As she put the mugs away, I had a sudden urge to give her a hug, yearning for the feeling of her big soggy bosom against my cheek. But that wasn’t something I ever did. She ruffled the top of my head when she went past me on her way to the door, and like a cat I pushed up against her hand. That was the closest we came to physical affection. When I heard the front door close behind her, I sat down again at the table and thought about my mother.
My last memory of my mother isn’t even a memory. It’s more a feeling of being warm and enclosed, the details so sharp yet at the same time insubstantial that I may have made the whole thing up. It’s Christmas, or near it, I think–there are lots of glittery things around, and I can see firelight on shining spheres. A rack of clothes is drying in front of the fire, wet mittens, socks and my little blue coat, giving off a damp woollen smell. I’ve been playing out in the snow, but now it’s dark and time for bed, and I’ve eaten a bowlful of something sloppy and sweet and comforting that’s a bright orange-yellow. I’m wearing my pyjamas, and I’m sleepy, curled up on the wing backed sofa, and my mother is reading to me, a story about Wynken, Blynken and Nod, three fishermen who are being rocked to sleep in the arms of a crescent moon sailing through the sky like a boat. Or was it a wooden
shoe? I am drifting too, wrapped in the wet, warm smell of the steaming clothes.
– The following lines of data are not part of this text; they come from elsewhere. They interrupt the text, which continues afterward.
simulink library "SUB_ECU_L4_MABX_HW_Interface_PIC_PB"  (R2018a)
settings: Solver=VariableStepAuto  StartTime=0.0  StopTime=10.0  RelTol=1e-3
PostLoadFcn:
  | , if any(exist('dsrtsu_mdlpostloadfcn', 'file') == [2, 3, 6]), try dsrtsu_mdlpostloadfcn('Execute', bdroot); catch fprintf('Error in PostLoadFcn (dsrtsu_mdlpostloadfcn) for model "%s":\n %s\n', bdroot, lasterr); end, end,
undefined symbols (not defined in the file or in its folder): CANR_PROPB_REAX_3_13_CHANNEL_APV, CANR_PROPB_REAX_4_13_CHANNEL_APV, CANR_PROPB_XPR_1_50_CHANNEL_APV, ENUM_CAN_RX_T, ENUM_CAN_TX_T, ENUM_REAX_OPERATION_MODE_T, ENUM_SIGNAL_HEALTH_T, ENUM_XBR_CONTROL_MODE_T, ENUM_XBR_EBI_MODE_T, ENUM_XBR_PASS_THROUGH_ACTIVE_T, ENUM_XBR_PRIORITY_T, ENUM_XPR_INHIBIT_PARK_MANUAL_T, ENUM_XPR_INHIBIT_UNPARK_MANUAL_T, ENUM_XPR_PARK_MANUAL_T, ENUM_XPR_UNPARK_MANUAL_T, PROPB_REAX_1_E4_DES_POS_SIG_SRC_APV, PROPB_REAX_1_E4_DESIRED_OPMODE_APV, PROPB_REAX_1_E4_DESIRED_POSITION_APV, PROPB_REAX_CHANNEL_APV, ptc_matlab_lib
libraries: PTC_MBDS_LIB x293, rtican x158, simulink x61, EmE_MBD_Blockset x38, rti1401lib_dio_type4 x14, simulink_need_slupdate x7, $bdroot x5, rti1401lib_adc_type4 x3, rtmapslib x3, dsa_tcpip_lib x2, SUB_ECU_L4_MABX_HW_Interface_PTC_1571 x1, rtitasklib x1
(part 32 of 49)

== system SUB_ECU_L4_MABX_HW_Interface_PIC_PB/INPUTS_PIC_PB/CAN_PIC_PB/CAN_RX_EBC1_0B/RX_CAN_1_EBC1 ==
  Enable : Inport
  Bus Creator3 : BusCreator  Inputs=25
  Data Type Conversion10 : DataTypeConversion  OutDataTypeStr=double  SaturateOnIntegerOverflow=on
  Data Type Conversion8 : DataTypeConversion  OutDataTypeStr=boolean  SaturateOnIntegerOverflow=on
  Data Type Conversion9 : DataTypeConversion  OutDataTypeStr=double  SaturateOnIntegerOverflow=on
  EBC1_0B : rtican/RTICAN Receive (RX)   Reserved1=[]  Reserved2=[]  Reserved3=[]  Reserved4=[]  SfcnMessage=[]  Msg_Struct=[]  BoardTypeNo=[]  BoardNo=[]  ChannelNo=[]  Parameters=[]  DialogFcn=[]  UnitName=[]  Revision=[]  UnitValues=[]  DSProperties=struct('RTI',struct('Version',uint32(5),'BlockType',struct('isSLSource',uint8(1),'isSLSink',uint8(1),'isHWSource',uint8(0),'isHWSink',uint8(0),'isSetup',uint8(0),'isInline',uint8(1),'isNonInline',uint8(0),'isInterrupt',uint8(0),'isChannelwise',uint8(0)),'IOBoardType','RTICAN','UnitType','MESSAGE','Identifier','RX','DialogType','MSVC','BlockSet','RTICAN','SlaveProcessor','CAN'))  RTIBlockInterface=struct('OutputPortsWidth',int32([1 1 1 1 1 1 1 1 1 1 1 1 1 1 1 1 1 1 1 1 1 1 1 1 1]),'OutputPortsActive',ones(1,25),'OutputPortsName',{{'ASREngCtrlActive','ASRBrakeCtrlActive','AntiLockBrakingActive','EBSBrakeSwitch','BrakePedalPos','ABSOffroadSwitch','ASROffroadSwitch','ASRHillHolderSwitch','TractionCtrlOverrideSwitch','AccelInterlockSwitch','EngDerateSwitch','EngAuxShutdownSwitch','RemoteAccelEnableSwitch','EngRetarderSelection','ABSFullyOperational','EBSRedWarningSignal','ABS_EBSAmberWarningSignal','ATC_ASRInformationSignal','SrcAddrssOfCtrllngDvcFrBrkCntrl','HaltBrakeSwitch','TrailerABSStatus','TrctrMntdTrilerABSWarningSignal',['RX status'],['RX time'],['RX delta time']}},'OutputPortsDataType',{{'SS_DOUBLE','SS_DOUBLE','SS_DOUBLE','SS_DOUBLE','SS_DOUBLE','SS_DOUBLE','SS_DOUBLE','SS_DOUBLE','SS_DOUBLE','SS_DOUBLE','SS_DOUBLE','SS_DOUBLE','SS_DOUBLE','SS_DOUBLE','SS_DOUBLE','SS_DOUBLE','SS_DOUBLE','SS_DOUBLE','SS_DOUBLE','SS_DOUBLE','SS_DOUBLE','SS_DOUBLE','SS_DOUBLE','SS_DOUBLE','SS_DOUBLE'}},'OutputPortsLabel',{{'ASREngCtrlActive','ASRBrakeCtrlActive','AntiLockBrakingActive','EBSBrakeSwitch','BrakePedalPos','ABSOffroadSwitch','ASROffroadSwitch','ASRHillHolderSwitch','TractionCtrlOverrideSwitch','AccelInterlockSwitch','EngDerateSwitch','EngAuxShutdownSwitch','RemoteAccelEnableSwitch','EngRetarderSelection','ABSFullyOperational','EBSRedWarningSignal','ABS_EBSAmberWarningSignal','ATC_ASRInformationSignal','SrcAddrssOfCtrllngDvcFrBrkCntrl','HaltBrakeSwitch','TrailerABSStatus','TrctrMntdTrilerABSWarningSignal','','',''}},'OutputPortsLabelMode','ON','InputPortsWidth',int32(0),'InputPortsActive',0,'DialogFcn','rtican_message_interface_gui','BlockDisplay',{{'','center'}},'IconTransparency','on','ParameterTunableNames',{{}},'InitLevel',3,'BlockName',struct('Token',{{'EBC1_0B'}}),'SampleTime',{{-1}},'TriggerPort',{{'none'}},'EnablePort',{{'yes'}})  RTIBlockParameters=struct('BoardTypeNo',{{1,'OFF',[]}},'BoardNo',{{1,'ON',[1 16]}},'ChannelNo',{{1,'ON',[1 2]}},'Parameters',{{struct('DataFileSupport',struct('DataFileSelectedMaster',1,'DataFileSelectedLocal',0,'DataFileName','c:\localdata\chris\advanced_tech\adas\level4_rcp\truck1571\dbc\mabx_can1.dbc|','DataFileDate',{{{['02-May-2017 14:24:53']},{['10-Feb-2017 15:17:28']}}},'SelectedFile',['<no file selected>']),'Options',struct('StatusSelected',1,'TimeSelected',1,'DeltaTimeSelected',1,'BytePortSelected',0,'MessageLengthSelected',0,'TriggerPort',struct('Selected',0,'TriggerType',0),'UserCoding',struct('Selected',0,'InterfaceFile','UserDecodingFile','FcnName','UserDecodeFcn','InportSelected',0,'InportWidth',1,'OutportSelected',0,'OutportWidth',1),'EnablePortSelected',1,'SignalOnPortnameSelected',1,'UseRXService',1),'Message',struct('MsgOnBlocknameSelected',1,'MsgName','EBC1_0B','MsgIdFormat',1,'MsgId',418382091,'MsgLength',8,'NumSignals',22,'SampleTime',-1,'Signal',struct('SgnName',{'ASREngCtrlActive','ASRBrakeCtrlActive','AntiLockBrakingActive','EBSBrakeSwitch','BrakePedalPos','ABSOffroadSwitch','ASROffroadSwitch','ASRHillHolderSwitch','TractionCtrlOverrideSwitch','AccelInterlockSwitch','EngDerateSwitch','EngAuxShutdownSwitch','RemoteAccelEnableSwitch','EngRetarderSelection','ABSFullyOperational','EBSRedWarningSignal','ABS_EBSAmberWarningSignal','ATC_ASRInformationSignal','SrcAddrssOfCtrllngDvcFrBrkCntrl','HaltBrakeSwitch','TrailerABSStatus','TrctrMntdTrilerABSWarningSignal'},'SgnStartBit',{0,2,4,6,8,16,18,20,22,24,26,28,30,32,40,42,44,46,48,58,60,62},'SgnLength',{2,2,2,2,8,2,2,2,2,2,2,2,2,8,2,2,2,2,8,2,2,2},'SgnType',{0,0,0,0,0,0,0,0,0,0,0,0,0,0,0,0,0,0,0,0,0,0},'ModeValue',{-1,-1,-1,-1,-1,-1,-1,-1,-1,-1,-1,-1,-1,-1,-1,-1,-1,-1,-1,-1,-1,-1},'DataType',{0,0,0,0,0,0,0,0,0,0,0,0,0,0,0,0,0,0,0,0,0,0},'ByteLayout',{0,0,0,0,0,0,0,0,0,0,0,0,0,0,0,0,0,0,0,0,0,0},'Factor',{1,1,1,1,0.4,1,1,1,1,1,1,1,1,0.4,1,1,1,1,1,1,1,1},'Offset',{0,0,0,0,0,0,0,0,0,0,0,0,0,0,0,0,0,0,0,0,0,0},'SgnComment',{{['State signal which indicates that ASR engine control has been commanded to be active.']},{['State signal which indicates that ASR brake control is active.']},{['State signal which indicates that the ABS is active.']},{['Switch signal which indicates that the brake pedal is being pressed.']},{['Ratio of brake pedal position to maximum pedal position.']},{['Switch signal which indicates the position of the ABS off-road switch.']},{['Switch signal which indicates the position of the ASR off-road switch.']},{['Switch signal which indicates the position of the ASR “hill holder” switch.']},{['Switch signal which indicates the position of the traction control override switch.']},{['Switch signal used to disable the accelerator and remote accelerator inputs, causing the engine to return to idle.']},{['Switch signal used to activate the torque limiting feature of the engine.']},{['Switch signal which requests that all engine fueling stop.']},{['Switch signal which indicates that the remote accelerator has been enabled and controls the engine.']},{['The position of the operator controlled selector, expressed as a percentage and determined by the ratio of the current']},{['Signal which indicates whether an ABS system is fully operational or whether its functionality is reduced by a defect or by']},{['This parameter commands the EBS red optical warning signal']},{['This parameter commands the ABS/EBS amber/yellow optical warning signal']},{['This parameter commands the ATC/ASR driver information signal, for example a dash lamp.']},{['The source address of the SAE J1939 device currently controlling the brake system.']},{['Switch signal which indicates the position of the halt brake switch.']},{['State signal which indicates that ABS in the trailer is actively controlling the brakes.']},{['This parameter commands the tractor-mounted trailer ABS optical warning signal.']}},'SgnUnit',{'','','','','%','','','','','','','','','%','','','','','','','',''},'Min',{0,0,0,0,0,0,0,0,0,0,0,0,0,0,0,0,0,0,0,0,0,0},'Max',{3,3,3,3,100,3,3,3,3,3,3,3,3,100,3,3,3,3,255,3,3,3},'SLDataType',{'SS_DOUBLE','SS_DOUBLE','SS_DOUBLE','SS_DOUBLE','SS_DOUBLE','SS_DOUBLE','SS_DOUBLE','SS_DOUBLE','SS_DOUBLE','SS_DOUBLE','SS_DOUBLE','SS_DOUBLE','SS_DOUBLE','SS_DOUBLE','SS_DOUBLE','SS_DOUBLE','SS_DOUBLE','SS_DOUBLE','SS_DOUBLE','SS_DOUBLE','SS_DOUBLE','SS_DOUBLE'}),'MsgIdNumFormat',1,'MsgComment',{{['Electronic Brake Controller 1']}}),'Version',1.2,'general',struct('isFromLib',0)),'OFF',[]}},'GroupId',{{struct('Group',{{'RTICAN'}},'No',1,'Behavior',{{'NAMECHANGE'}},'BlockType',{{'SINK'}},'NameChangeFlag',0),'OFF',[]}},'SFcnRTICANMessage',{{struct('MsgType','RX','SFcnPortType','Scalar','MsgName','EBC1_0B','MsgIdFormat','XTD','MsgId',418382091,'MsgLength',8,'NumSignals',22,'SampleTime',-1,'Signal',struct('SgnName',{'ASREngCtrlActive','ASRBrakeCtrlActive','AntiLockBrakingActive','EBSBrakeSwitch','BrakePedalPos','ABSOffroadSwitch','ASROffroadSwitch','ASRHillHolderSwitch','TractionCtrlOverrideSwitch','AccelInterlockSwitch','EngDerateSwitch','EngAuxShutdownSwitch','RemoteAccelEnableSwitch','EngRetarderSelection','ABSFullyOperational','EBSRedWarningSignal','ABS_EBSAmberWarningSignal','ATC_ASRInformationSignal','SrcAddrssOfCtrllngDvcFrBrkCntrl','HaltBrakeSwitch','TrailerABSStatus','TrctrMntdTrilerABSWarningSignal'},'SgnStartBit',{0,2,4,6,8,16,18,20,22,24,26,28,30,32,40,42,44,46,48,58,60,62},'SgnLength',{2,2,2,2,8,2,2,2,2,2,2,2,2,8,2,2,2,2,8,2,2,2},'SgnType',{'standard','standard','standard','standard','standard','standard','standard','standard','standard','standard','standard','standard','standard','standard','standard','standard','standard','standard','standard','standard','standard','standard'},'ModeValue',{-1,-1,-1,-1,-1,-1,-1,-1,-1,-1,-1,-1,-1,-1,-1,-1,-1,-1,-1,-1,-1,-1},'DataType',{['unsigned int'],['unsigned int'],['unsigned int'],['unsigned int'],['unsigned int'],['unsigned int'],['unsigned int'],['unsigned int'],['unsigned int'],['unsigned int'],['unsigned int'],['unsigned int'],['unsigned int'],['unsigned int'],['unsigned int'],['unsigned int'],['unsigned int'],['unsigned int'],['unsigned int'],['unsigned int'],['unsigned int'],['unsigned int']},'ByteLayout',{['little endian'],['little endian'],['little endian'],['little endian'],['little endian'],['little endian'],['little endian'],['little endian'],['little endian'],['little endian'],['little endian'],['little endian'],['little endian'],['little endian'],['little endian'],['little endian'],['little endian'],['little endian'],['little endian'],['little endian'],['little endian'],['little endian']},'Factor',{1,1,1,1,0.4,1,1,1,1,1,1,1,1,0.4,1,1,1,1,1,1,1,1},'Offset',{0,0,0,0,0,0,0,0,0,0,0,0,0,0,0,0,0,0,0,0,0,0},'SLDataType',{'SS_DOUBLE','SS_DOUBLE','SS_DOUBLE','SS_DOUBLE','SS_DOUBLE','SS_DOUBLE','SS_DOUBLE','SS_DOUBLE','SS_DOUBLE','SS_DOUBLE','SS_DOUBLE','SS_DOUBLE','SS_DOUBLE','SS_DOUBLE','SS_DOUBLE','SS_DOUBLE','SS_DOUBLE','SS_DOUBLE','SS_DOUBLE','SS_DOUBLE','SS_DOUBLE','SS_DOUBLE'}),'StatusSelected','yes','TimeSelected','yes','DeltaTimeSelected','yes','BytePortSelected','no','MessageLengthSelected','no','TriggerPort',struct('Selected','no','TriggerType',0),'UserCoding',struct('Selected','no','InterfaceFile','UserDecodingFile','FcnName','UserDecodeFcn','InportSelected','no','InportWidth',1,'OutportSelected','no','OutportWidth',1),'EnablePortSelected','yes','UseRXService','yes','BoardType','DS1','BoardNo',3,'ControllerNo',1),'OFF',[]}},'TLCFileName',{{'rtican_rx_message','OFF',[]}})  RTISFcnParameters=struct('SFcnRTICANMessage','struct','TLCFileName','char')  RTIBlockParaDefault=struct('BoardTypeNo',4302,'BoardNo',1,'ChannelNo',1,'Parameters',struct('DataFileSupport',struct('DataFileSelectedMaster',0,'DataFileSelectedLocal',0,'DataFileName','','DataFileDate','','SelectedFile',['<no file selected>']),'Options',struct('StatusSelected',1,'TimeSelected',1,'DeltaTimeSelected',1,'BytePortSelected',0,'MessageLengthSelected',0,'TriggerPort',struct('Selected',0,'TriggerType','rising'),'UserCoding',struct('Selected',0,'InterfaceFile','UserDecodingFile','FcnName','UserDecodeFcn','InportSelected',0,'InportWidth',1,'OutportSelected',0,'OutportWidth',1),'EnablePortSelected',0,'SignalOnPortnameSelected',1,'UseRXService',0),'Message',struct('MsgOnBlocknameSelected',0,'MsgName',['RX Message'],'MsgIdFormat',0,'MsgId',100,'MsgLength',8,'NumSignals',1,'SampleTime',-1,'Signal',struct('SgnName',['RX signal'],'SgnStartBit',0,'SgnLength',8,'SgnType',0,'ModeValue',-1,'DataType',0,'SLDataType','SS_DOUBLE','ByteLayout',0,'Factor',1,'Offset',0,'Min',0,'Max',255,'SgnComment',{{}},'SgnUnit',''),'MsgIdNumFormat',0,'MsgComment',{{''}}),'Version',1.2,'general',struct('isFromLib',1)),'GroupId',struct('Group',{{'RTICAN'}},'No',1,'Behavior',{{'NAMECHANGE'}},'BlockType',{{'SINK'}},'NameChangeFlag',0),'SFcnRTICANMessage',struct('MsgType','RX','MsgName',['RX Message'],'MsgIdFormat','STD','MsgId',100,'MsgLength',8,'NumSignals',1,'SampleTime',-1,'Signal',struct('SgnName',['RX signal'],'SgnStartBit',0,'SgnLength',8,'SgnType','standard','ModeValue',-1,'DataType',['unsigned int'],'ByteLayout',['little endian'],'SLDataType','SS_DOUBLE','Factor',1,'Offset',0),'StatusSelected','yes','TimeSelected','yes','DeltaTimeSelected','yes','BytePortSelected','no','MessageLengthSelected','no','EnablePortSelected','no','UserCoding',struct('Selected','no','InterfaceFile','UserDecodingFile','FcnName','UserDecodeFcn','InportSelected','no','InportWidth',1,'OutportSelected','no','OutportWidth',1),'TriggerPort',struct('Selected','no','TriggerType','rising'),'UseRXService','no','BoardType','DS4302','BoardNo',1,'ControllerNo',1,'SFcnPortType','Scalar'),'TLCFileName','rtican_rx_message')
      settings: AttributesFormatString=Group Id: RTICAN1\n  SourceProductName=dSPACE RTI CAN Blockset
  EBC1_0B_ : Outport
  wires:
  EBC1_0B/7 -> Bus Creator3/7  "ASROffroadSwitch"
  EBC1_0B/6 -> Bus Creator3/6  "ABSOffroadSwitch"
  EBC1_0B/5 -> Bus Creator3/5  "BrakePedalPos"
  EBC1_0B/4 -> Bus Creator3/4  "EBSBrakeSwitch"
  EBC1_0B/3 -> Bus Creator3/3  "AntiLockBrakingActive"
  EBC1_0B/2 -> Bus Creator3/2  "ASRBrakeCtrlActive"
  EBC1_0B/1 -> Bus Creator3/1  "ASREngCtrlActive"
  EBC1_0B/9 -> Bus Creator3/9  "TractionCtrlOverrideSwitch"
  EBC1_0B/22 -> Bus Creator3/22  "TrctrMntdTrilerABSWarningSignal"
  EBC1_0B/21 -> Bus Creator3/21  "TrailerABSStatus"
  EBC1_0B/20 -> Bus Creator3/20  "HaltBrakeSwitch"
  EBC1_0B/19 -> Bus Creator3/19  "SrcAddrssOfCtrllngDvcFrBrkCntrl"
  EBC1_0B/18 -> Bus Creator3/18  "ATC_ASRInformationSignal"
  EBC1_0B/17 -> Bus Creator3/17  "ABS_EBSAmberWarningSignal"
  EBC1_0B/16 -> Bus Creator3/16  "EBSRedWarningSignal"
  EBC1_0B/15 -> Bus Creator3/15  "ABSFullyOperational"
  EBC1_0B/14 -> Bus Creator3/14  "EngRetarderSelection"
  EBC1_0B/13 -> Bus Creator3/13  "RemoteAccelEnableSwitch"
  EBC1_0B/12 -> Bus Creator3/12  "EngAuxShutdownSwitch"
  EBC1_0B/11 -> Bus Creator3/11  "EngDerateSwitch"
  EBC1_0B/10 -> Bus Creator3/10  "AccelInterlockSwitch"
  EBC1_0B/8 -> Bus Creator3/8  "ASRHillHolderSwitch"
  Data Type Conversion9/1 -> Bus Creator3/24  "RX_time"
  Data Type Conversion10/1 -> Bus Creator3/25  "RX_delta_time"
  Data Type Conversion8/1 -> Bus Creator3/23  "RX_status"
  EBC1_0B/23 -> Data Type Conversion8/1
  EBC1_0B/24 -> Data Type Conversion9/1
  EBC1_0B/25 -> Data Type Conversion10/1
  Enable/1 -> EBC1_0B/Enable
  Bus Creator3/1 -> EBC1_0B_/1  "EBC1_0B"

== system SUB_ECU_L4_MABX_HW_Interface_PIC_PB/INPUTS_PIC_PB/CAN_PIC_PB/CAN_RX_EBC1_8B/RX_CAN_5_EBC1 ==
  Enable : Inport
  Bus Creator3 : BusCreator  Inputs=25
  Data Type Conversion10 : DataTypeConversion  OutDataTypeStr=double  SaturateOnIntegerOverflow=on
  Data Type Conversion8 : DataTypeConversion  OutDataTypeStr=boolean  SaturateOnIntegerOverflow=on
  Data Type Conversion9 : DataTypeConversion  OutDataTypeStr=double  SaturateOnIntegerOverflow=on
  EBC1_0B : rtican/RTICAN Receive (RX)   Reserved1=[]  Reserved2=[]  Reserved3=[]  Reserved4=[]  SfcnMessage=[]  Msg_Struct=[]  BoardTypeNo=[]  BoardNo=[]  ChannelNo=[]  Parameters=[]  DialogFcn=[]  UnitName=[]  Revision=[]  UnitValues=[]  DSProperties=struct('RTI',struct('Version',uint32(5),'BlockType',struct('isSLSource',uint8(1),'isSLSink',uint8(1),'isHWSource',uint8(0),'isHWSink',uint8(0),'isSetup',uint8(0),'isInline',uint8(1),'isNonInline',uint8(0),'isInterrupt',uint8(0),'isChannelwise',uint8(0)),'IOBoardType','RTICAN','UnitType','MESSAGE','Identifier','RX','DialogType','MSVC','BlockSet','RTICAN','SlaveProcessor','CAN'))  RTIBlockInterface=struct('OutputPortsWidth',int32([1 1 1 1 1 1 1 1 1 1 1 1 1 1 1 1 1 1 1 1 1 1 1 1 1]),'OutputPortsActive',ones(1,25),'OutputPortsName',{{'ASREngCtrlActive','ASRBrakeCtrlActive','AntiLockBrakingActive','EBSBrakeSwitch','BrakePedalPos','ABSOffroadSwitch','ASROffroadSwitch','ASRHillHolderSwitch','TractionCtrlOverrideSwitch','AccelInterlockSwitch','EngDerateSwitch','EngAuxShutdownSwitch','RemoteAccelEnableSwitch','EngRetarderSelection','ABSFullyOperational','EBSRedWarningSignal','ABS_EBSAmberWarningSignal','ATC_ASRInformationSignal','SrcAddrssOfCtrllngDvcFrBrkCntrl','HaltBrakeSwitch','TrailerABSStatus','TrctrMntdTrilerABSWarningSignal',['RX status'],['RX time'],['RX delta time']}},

Whether that was the last time I had seen my mother I wasn’t sure, but it was what I remembered as the last. Before the New Year she was gone. Every December after that my father brought out the packets of tinsel, the lantern-shaped Christmas-tree lights that always seemed to fuse and that he patiently fixed, year after year. But it was never the same. The unearthly boat in which Wynken, Blynken and Nod sailed the skies had taken away my mother too.
My father never talked about how she had left, or why.